Aftermath on Meadowlark Land (Dir: David and Nathan Zellner)

The Skinny: Family secrets are spilled after a car accident on the way to a mariachi recital.

Reaction: Think of the most inappropriate conversation you can have after a car accident, and chances are it is nowhere near the one the characters in this film have. I was skeptical of the film at the beginning as the performances seemed a little too cartoonish. Yet the performance style makes sense once the family secret is revealed. The big selling point comes when the Zellner brothers turn the tables and take their film out of the realm of fiction and into reality. While not all the jokes work, the last act is enough to make the film worth the watch.

The Ballad of Poisonberry Pete (Dir: Adam Campbell, Elizabeth McMahill, and Uri Lotan)

The Skinny: This animated Western from student filmmakers at Ringling College of Art and Design could be called The Life of Pie.

Reaction: If you were to combine a dash of Rango and Monsters, Inc with your favourite pastry you would get The Ballad of Poisonberry Pete. A hilariously smart western that has as much heart as it does humour. The film provides a sweet twist on the typical conventions of the western genre without ever becoming dull. The Ballad of Poisonberry Pete is a film that will have people of all ages laughing out loud.
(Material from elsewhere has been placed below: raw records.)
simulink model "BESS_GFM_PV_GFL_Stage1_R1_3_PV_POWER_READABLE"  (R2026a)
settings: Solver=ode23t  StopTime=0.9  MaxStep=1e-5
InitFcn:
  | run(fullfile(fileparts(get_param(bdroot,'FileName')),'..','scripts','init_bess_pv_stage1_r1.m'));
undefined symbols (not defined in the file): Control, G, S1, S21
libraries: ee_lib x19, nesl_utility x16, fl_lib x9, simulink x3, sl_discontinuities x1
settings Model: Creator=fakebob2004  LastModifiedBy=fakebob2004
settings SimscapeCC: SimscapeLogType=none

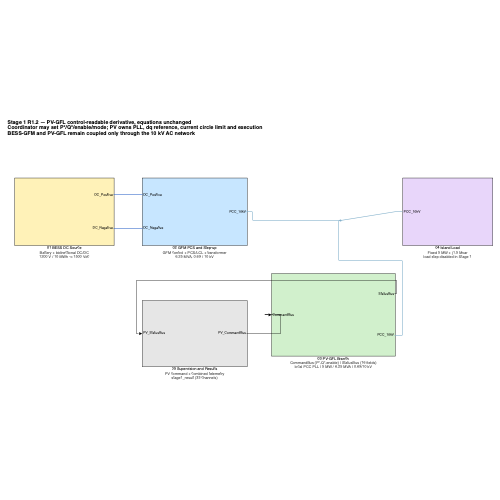
[thumbnail: Simulink's stored preview of the top-level diagram]
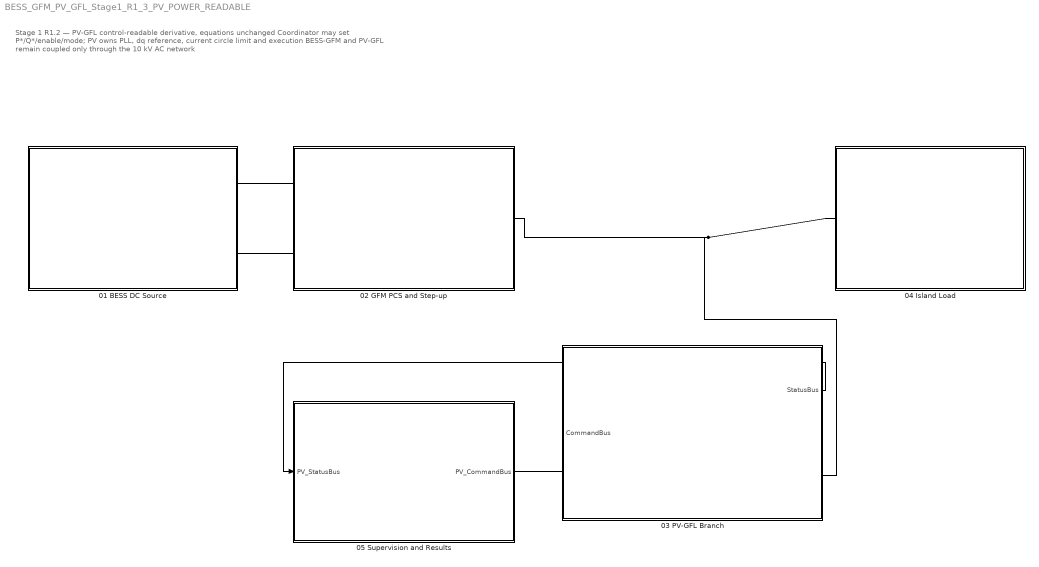
== system BESS_GFM_PV_GFL_Stage1_R1_3_PV_POWER_READABLE ==
  note: Stage 1 R1.2 — PV-GFL control-readable derivative, equations unchanged
      | Coordinator may set P*/Q*/enable/mode; PV owns PLL, dq reference, current circle limit and execution
      | BESS-GFM and PV-GFL remain coupled only through the 10 kV AC network
  01 BESS DC Source : Subsystem
      settings: AttributesFormatString=Battery + bidirectional DC/DC\n1200 V / 10 MWh -> 1500 Vdc
  02 GFM PCS and Step-up : Subsystem
      settings: AttributesFormatString=GFM control + PCS/LCL + transformer\n6.25 MVA, 0.69 / 10 kV
  03 PV-GFL Branch : Subsystem
      settings: AttributesFormatString=|
      | CommandBus {P*,Q*,enable} | StatusBus {16 fields}
      | local PCC PLL | 5 MW / 6.25 MVA | 0.69/10 kV
  04 Island Load : Subsystem
      settings: AttributesFormatString=Fixed 5 MW + j1.5 Mvar\nload step disabled in Stage 1
  05 Supervision and Results : Subsystem
      settings: AttributesFormatString=PV command + combined telemetry\nstage1_result (33 channels)
  wires:
  05 Supervision and Results/1(PV_CommandBus) -> 03 PV-GFL Branch/1(CommandBus)
  03 PV-GFL Branch/1(StatusBus) -> 05 Supervision and Results/1(PV_StatusBus)
  connections:
  01 BESS DC Source/RConn1 -- 02 GFM PCS and Step-up/LConn1
  01 BESS DC Source/RConn2 -- 02 GFM PCS and Step-up/LConn2
  04 Island Load/LConn1 -- 02 GFM PCS and Step-up/RConn1 -- 03 PV-GFL Branch/RConn1

== system BESS_GFM_PV_GFL_Stage1_R1_3_PV_POWER_READABLE/01 BESS DC Source ==
  01 Battery and DC Link : Subsystem
      settings: AttributesFormatString=1200 V / 10 MWh\n1500 V DC link
  02 Bidirectional DC-DC Control : Subsystem
      settings: AttributesFormatString=Vdc PI: 10 Hz\nIbat PI: 300 Hz
  DC_Positive : PMIOPort  Side=Right  ConnectionType=Connection: foundation.electrical.electrical
  DC_Negative : PMIOPort  Port=2  Side=Right  ConnectionType=Connection: foundation.electrical.electrical
  connections:
  02 Bidirectional DC-DC Control/RConn1 -- 01 Battery and DC Link/LConn2
  01 Battery and DC Link/RConn2 -- DC_Negative/RConn1
  DC_Positive/RConn1 -- 01 Battery and DC Link/LConn1

== system BESS_GFM_PV_GFL_Stage1_R1_3_PV_POWER_READABLE/02 GFM PCS and Step-up ==
  03 GFM Control and Limits : Subsystem
      settings: AttributesFormatString=P-f / Q-V / Virtual Z\nAC limit: 1.20 pu
  04 PCS Filter and Transformer : Subsystem
      settings: AttributesFormatString=6.25 MVA PCS + LCL\n0.69 / 10 kV transformer
  DC_Positive : PMIOPort  Side=Left  ConnectionType=Connection: foundation.electrical.electrical
  DC_Negative : PMIOPort  Port=2  Side=Left  ConnectionType=Connection: foundation.electrical.electrical
  PCC_10kV : PMIOPort  Port=3  Side=Right  ConnectionType=Connection: foundation.electrical.three_phase
  connections:
  04 PCS Filter and Transformer/RConn3 -- DC_Negative/RConn1
  04 PCS Filter and Transformer/RConn2 -- PCC_10kV/RConn1
  04 PCS Filter and Transformer/RConn1 -- DC_Positive/RConn1
  03 GFM Control and Limits/RConn1 -- 04 PCS Filter and Transformer/LConn1

== system BESS_GFM_PV_GFL_Stage1_R1_3_PV_POWER_READABLE/03 PV-GFL Branch ==
  CommandBus : Inport
  01 GFL PCS : Subsystem
      settings: AttributesFormatString=|
      | local fast control + average PCS/filter
      | no shared theta, PLL or DC link
  02 Step-up and PCC : Subsystem
      settings: AttributesFormatString=|
      | POWER: 690 V -> 0.69/10 kV -> PCC sensor -> 10 kV
      | MEASUREMENT: local V/I/P/Q -> PCC MeasurementBus
  scope_R21_CurrentCommandBus : GotoTagVisibility  GotoTag=R21_CurrentCommandBus
  scope_R21_PCCMeasurementBus : GotoTagVisibility  GotoTag=R21_PCCMeasurementBus
  scope_R21_PrimaryMeasurementBus : GotoTagVisibility  GotoTag=R21_PrimaryMeasurementBus
  PCC_10kV : PMIOPort  Side=Right  ConnectionType=Connection: foundation.electrical.three_phase
  StatusBus : Outport
  wires:
  01 GFL PCS/1(StatusBus) -> StatusBus/1
  CommandBus/1 -> 01 GFL PCS/1(CommandBus)
  connections:
  01 GFL PCS/RConn1 -- 02 Step-up and PCC/LConn1
  02 Step-up and PCC/RConn1 -- PCC_10kV/RConn1

== system BESS_GFM_PV_GFL_Stage1_R1_3_PV_POWER_READABLE/04 Island Load ==
  Adjusted_Island_Load : ee_lib/Passive/Constant Power Load (Three-Phase)  port_option=ee.enum.threePhasePort.composite  FRated=G.f0_Hz Hz  active_power=G.load.base_P_W W  reactive_power=G.load.base_Q_var V*A  Vline_rms_min=0.70*G.ac.Vll_high_V V  tau=0.01 s  Vline_rms_ini=G.ac.Vll_high_V V  Vang_ini=0 deg  gmin=1e-6 S
  Load_Step_Command : Step  Time=G.load.step_time_s  InitialValue=1  FinalValue=0  SampleTime=0
  Load_Step_to_PS : nesl_utility/Simulink-PS Converter  PhysicalDomain=network_engine_domain  SubClassName=ps_input  LeftPortType=input  RightPortType=output  PseudoPeriodic=off  Frequencies=[]  NoiseDistribution=none  NoiseParameters=[]  Unit=V  AffineConversion=off  FilteringAndDerivatives=zero  SimscapeFilterOrder=1  InputFilterTimeConstant=0.001  UdotUserProvided=0
  One_MW_Step_Load : ee_lib/Passive/Constant Power Load (Three-Phase)  port_option=ee.enum.threePhasePort.composite  FRated=G.f0_Hz Hz  active_power=0 W  reactive_power=0 V*A  Vline_rms_min=0.70*G.ac.Vll_high_V V  tau=0.01 s  Vline_rms_ini=G.ac.Vll_high_V V  Vang_ini=0 deg  gmin=1e-6 S
  Step_Load_Breaker : ee_lib/Switches & Breakers/Circuit Breaker (Three-Phase)  port_option=ee.enum.threePhasePort.composite  control_port_option=ee.enum.controlport.ps  R_closed=0.001 Ohm  G_open=1e-6 1/Ohm  threshold=0.5 V  breaker_behavior=ee.enum.switches.breakerBehavior.zeroCrossingEnable  i_th=1e-8 A
  PCC_10kV : PMIOPort  Side=Left  ConnectionType=Connection: foundation.electrical.three_phase
  tag scope: R8_05_Island_Load_Scenario_p1_signal=global
  wires:
  Load_Step_Command/1 -> Load_Step_to_PS/1, [R8_05_Island_Load_Scenario_p1_signal]  "step_breaker_cmd"
  connections:
  Step_Load_Breaker/RConn1 -- One_MW_Step_Load/LConn1
  PCC_10kV/RConn1 -- Adjusted_Island_Load/LConn1 -- Step_Load_Breaker/LConn2
  Load_Step_to_PS/RConn1 -- Step_Load_Breaker/LConn1

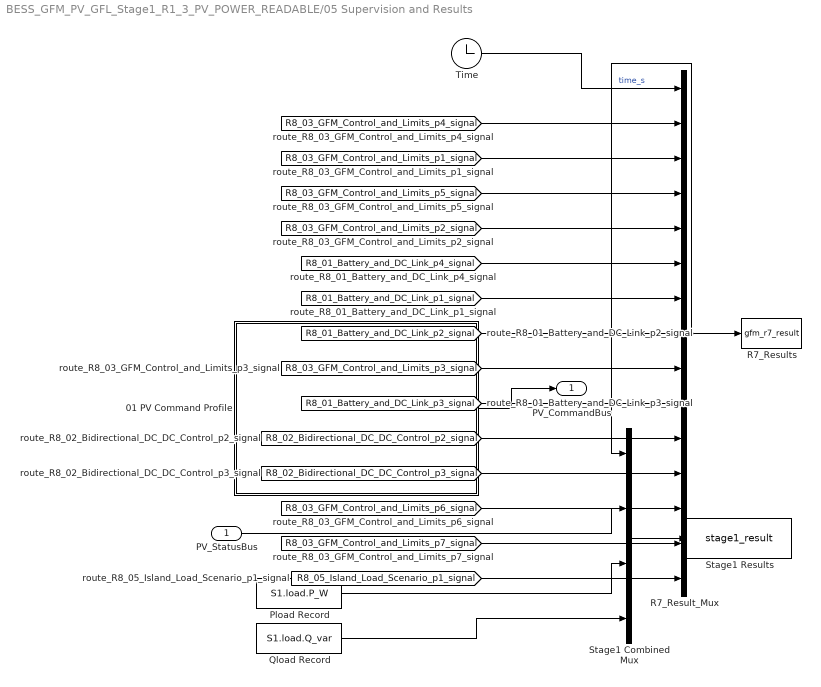
== system BESS_GFM_PV_GFL_Stage1_R1_3_PV_POWER_READABLE/05 Supervision and Results ==
  PV_StatusBus : Inport
  01 PV Command Profile : Subsystem
      settings: AttributesFormatString=|
      | CommandBus = [P*, Q*, enable]
      | commissioning scenario only
  Pload Record : Constant  Value=S1.load.P_W
  Qload Record : Constant  Value=S1.load.Q_var
  R7_Result_Mux : Mux  Inputs=15
  R7_Results : ToWorkspace  VariableName=gfm_r7_result  SampleTime=-1
  Stage1 Combined Mux : Mux
  Stage1 Results : ToWorkspace  VariableName=stage1_result  SampleTime=-1
  Time : Clock
  PV_CommandBus : Outport
  wires:
  [R8_05_Island_Load_Scenario_p1_signal] -> R7_Result_Mux/15
  [R8_03_GFM_Control_and_Limits_p7_signal] -> R7_Result_Mux/14
  R7_Result_Mux/1 -> R7_Results/1, Stage1 Combined Mux/1
  [R8_03_GFM_Control_and_Limits_p6_signal] -> R7_Result_Mux/13
  [R8_02_Bidirectional_DC_DC_Control_p3_signal] -> R7_Result_Mux/12
  [R8_02_Bidirectional_DC_DC_Control_p2_signal] -> R7_Result_Mux/11
  [R8_01_Battery_and_DC_Link_p3_signal] -> R7_Result_Mux/10
  [R8_03_GFM_Control_and_Limits_p3_signal] -> R7_Result_Mux/9
  [R8_01_Battery_and_DC_Link_p2_signal] -> R7_Result_Mux/8
  [R8_01_Battery_and_DC_Link_p1_signal] -> R7_Result_Mux/7
  [R8_01_Battery_and_DC_Link_p4_signal] -> R7_Result_Mux/6
  [R8_03_GFM_Control_and_Limits_p2_signal] -> R7_Result_Mux/5
  Time/1 -> R7_Result_Mux/1  "time_s"
  [R8_03_GFM_Control_and_Limits_p5_signal] -> R7_Result_Mux/4
  [R8_03_GFM_Control_and_Limits_p1_signal] -> R7_Result_Mux/3
  [R8_03_GFM_Control_and_Limits_p4_signal] -> R7_Result_Mux/2
  01 PV Command Profile/1(CommandBus Out) -> PV_CommandBus/1
  PV_StatusBus/1 -> Stage1 Combined Mux/2
  Pload Record/1 -> Stage1 Combined Mux/3
  Qload Record/1 -> Stage1 Combined Mux/4
  Stage1 Combined Mux/1 -> Stage1 Results/1

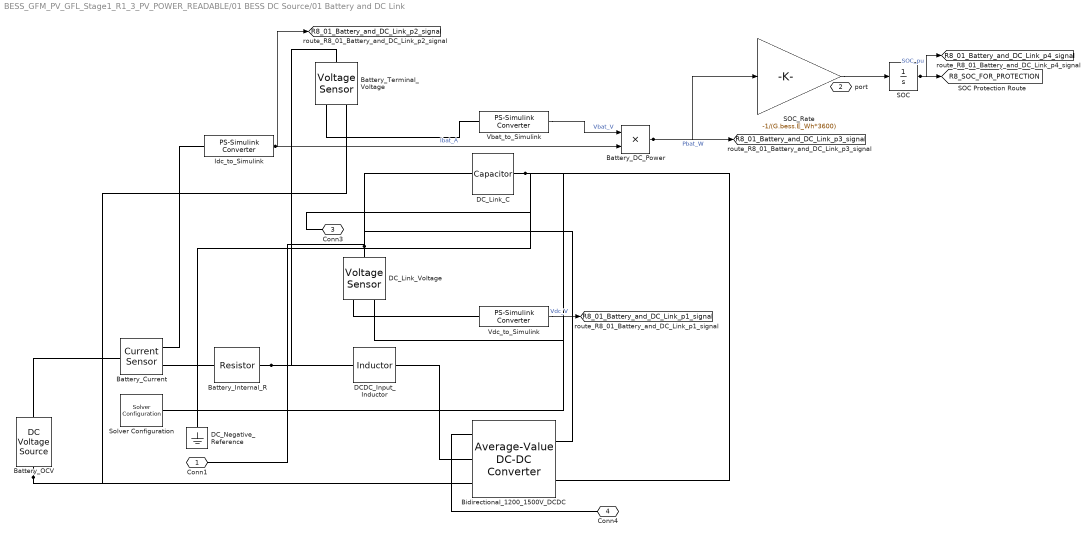
== system BESS_GFM_PV_GFL_Stage1_R1_3_PV_POWER_READABLE/01 BESS DC Source/01 Battery and DC Link ==
  Battery_Current : fl_lib/Electrical/Electrical Sensors/Current Sensor
  Battery_DC_Power : Product
  Battery_Internal_R : fl_lib/Electrical/Electrical Elements/Resistor  R=G.dc.Rbattery_ohm Ohm  i_specify=off  i_priority=None  i=0 A  i_nominal_specify=off  i_nominal_value=1  i_nominal_unit=A  v_specify=off  v_priority=None  v=0 V  v_nominal_specify=off  v_nominal_value=1  v_nominal_unit=V
  Battery_OCV : fl_lib/Electrical/Electrical Sources/DC Voltage Source  v0=G.dc.Vbattery_V V
  Battery_Terminal_Voltage : fl_lib/Electrical/Electrical Sensors/Voltage Sensor
  Bidirectional_1200_1500V_DCDC : ee_lib/Semiconductors & Converters/Converters/Average-Value DC-DC Converter  implementation_option=ee.enum.converters.implementation.behavioral  converter_type=ee.enum.converters.dcdctype.buckboost  control_option=ee.enum.converters.controlinput.dutycycle  efficiency_option=ee.enum.converters.efficiency.constant  efficiency_fixed=G.dc.dcdc_efficiency_pct  i_vec=[0, 2, 5] A  efficiency_vec=[90, 95, 98]  Lf=1e-6 H  Rl=0 Ohm  Cf=1e-7 F  Rc=1e-6 Ohm  iL_specify=off  iL_priority=High  iL=0 A  iL_nominal_specify=off  iL_nominal_value=1  iL_nominal_unit=A  vc_specify=off  vc_priority=High  vc=0 V  vc_nominal_specify=off  vc_nominal_value=1  vc_nominal_unit=V
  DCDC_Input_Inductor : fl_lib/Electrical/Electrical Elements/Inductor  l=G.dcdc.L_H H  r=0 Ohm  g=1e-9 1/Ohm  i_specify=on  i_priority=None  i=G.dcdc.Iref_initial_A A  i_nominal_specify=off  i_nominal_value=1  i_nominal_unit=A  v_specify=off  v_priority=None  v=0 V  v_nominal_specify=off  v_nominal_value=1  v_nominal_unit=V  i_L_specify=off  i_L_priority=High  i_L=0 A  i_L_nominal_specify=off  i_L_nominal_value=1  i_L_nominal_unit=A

Edmond was a Donkey (Dir: Franck Dion)

The Skinny: Edmond is not like everybody else. A small, quiet man, Edmond has a wife who loves him and a job that he does extraordinarily well. He is, however, very aware that he is different. When his co-workers tease him by crowning him with a pair of donkey ears, he suddenly discovers his true nature.

Reaction: Director Franck Dion crafts a somber, but well made film, which sustained my interest throughout. The fact that Dion opted to tell the story from others point of view, faux-documentary style, adds a nice layer of mystery to Edmond’s overall mental state. This helps to make some of Edmond’s actions in the latter half of the film have great resonance. Featuring wonderfully unique character designs, and a solid concept, Edmond was a Donkey is a bittersweet tale that works far better than you would expect it to.

Who Remembers How It Ends? (Dir: Matthew Brown)

The Skinnny: After a raucous bachelor party, one man recognizes another in an elevator. Or does he? It’s all got something to do with The Substream.

Reaction: Truth be told, this is the one film I watched with a far less stringent eye than the other shorts screened. This is not to say that it is a bad film, in fact I quite enjoyed it. The film was entertaining and took a pleasant, and unexpected, shift towards the end. However, having had the pleasure to speak with director Matt Brown on several occasions, and considering that The Substream is a site I read frequently, I must admit that I was watching this film more from a “it is great to see people I know showcasing their talent” perspective instead of a critical one. Regardless, I still think the film works on two different levels depending on your familiarity, or lack thereof, of both the director and The Substream.